You should discuss issues related to acquisition financing with your legal and financial advisers. Is the acquisition to be financed by cash or by borrowing? If borrowing is inescapable which methods of finance are to be selected? Which banking loans and products are required?
It is the financial circumstances and the future plans of the borrower that settles the type of the acquisition finance.
These costs are almost always involved irrespective of the type of finance:
The lawyer charges for legal advice and drawing up the documents listed below:
Completion statement and
To reduce the costs, some borrowers decide not to use legal counsel, but it is a lawyer who makes sure that the agreement lives up to the expectations and serves the interest of the purchaser. The lawyer’s fee is negotiated individually.
A total registration fee:
The purchaser must pay the registration fee for the deed, a seller’s mortgage and for the registration of the documents. The seller is charged for the registration of the seller’s mortgage.
The registration of a mortgage over real estate is subject to the following registration fee:
1, 5 % of the secured amount plus DKK 1.400 (duty to the state) or 0,6% of the purchase price + DKK 1.400(duty to the state).
Cash payment and Cash payment price:
The acquisition can fully be paid in cash if the purchaser is able to provide the required amount in cash. The cash price is useful when comparing prices for possible future purchases. Comparing cash prices provides a clearer picture, because the conditions and fees depend on the type of the loan can be difficult to understand.
You can borrow up to 80 % of the cash price:
Loan secured in real estate gives a possibility to borrow up to the 80% of the cash price. Then the purchaser typically makes a seller’s mortgage or obtains a bank loan to finance the last 15 % of the purchase price. The last 5 % of the purchase price are paid in cash by the purchaser or financed by a bank loan.
Types of loans:
Bond’s prices are a good indicator of the loan expenses. Different types of loans are available when the acquisition is financed by a bank loan.

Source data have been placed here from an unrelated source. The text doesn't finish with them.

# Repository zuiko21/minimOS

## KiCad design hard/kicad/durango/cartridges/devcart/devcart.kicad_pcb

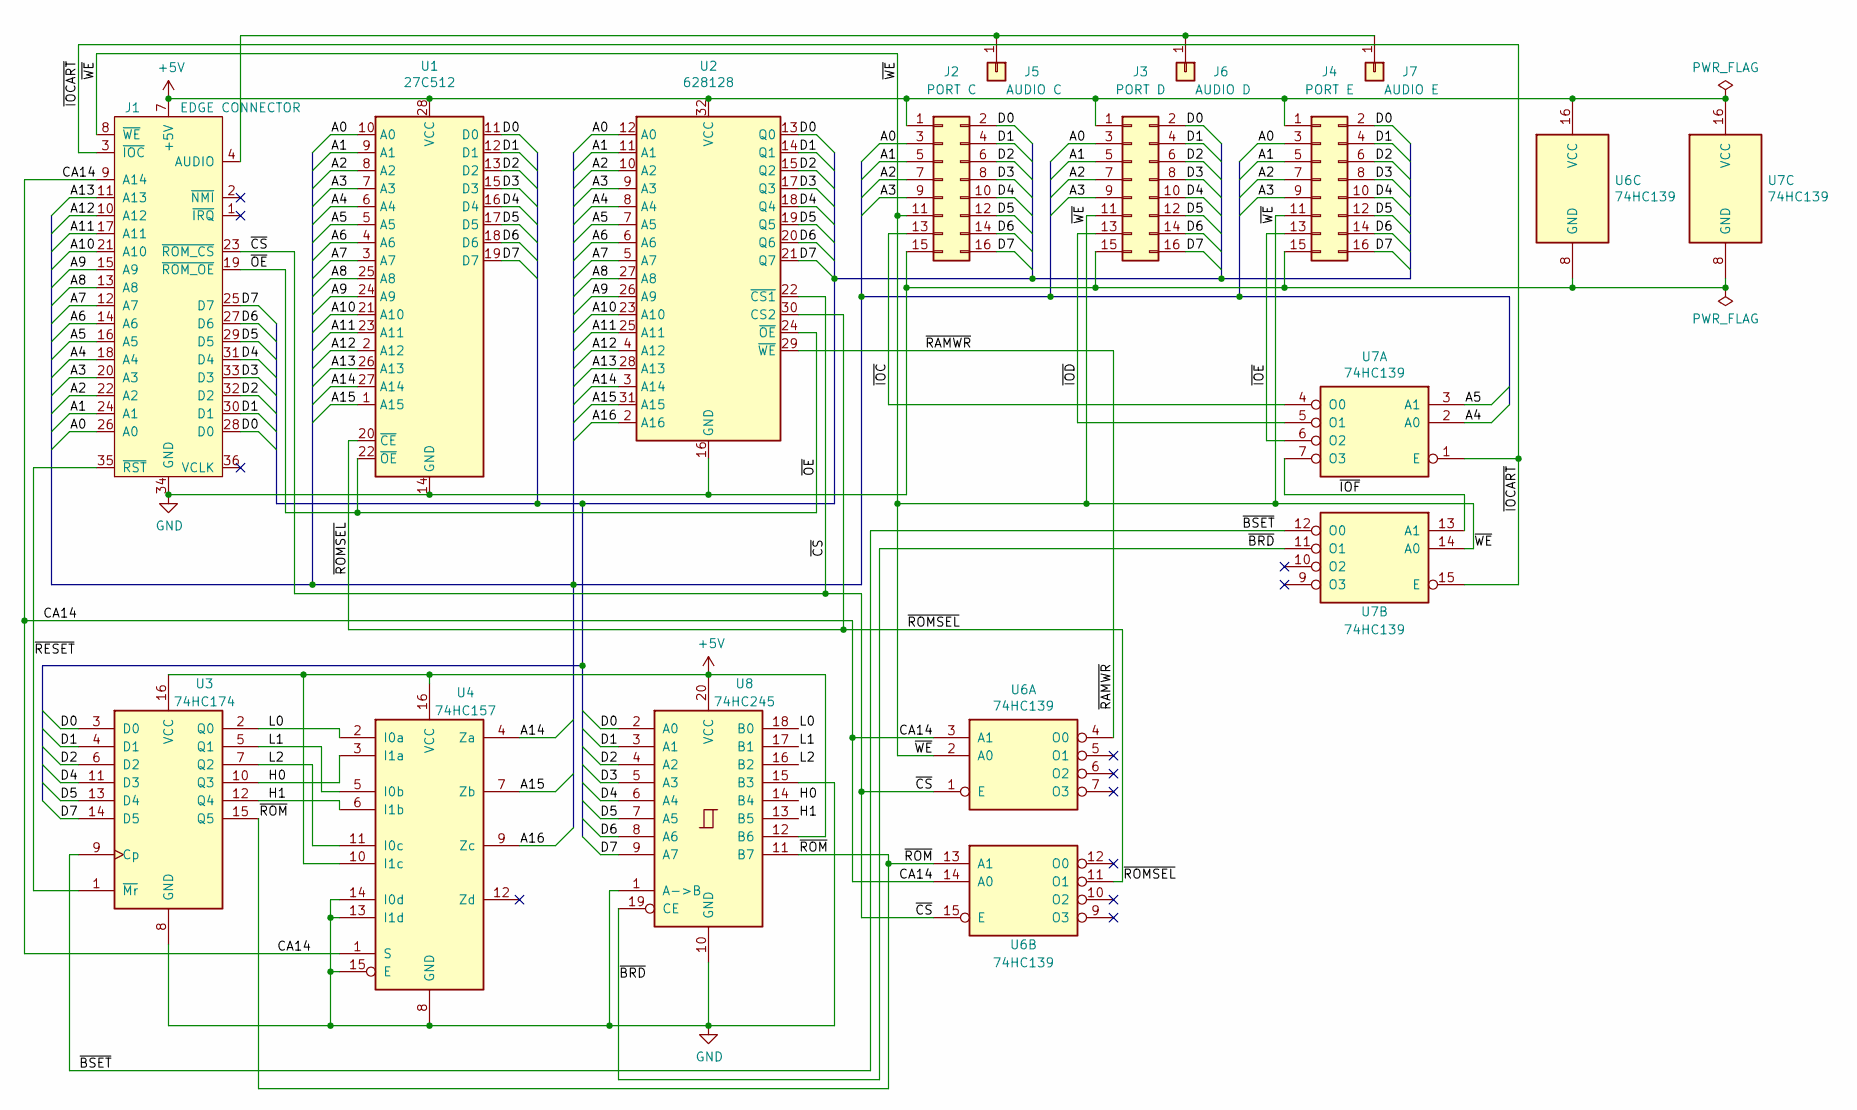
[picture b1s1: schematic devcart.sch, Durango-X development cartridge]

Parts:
J1: EDGE CONNECTOR; Durango_ROM
J2: PORT C; IDC-Header_2x08_P2.54mm_Vertical
J3: PORT D; IDC-Header_2x08_P2.54mm_Vertical
J4: PORT E; IDC-Header_2x08_P2.54mm_Vertical
J5: AUDIO C; PinSocket_1x01_P2.54mm_Vertical
J6: AUDIO D; PinSocket_1x01_P2.54mm_Vertical
J7: AUDIO E; PinSocket_1x01_P2.54mm_Vertical
U1: 27C512; DIP_Socket-28_W11.9_W12.7_W15.24_W17.78_W18.5_3M_228-1277-0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
U2: 628128; DIP-32_W15.24mm
U3: 74HC174; DIP-16_W7.62mm
U4: 74HC157; DIP-16_W7.62mm
U6, U7: 74HC139; DIP-16_W7.62mm
U8: 74HC245; DIP-20_W7.62mm

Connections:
+5V: J1.7 (+5V), J2.1, J3.1, J4.1, U1.28 (VCC), U2.32 (VCC), U3.16 (VCC), U4.10 (I1c), U4.16 (VCC), U6.16 (VCC), U7.16 (VCC), U8.12 (B6), U8.20 (VCC)
/A0: J1.26 (A0), J2.3, J3.3, J4.3, U1.10 (A0), U2.12 (A0)
/A1: J1.24 (A1), J2.5, J3.5, J4.5, U1.9 (A1), U2.11 (A1)
/A2: J1.22 (A2), J2.7, J3.7, J4.7, U1.8 (A2), U2.10 (A2)
/A3: J1.20 (A3), J2.9, J3.9, J4.9, U1.7 (A3), U2.9 (A3)
/A4: J1.18 (A4), U1.6 (A4), U2.8 (A4), U7.2 (A0)
/A5: J1.16 (A5), U1.5 (A5), U2.7 (A5), U7.3 (A1)
/A6: J1.14 (A6), U1.4 (A6), U2.6 (A6)
/A7: J1.12 (A7), U1.3 (A7), U2.5 (A7)
/A8: J1.13 (A8), U1.25 (A8), U2.27 (A8)
/A9: J1.15 (A9), U1.24 (A9), U2.26 (A9)
/A10: J1.21 (A10), U1.21 (A10), U2.23 (A10)
/A11: J1.17 (A11), U1.23 (A11), U2.25 (A11)
/A12: J1.10 (A12), U1.2 (A12), U2.4 (A12)
/A13: J1.11 (A13), U1.26 (A13), U2.28 (A13)
/A14: U1.27 (A14), U2.3 (A14), U4.4 (Za)
/A15: U1.1 (A15), U2.31 (A15), U4.7 (Zb)
/A16: U2.2 (A16), U4.9 (Zc)
/CA14: J1.9 (A14), U4.1 (S), U6.3 (A1), U6.14 (A0)
/D0: J1.28 (D0), J2.2, J3.2, J4.2, U1.11 (D0), U2.13 (Q0), U3.3 (D0), U8.2 (A0)
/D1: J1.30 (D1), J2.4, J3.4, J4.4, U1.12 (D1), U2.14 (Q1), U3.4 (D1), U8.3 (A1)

The conditions and loan options depend on the institution which provides the loan. A common item for all the traditional types of loans is that they all are based on the short terms bonds or on long terms bonds.
Generally there are 4 different kinds of loans to choose from:
Cash loan, Bond loan, Adjustable interest rate loan free of amortization
There are many nuances of the loans f. ex. with different terms and variable nominal interest rates.
The loan can be obtained in DKK or in EURO. The choice of the foreign currency depends on the difference between the Danish and the foreign interest rates, currency rate; the currency in which the salary is paid. Sometimes it is possible to take over the existing loans in the estate.
Loan in EURO
If the pay is delivered in EURO, then it may be advantageous to obtain the loan in EURO. Cash loan, bond loan and adjustable interest rate loan can be obtained both in EURO and in DKK. Even though Denmark’s currency is not EURO, several mortgage credit institutions lends in EURO. The loans are identical with the loans obtained in DKK regarding terms, credit limits etc. If the income of the borrower is paid in EURO, then it can be an advantage to obtain the loan in EURO because there then is no currency risk. If the income of the borrower is paid in DKK, then the reason to obtain the loan in EURO can be economic measures on interest.
When you estimate the value of the property, compare the gross and net payments:
The gross payment is the monthly payment before taxes and consists of:
1. Loan secured on real estate,
2. Real estate tax,
3. Property insurance
4. Costs for drain and renovation
5. House owners association
6. Chimney sweeping
If the type of the property is a condo then the common expenses are also included in gross rent.
Electricity, water bill, heat, tax on value property and some insurance f. Ex. Household furniture insurance are not included in gross rent. It is the gross rent amount which is paid monthly.
Net payment is the monthly payment after the deduction of interest (payment after the deduction of all tax allowances and deductions).
The role of taxes is significant. The purchaser should ask the estate agent to calculate the monthly net payments of the purchaser considering the tax circumstances of the purchaser. As an alternative please contact Inwema.
How large is the monthly payment?
In the sales ads the monthly payment is calculated on the basis of the existing loans in the estate. In addition to this, 3 additional ways of financing are also to find in the most sales ads. When the type of financing has been selected, then the gross and the net payment can be calculated with assistance of your financial adviser.
All interest costs can be deducted from the taxable income. There is considerable interest costs related to purchase of real estate. All costs can be deducted from the taxable income, the part of the income of which the taxes are calculated.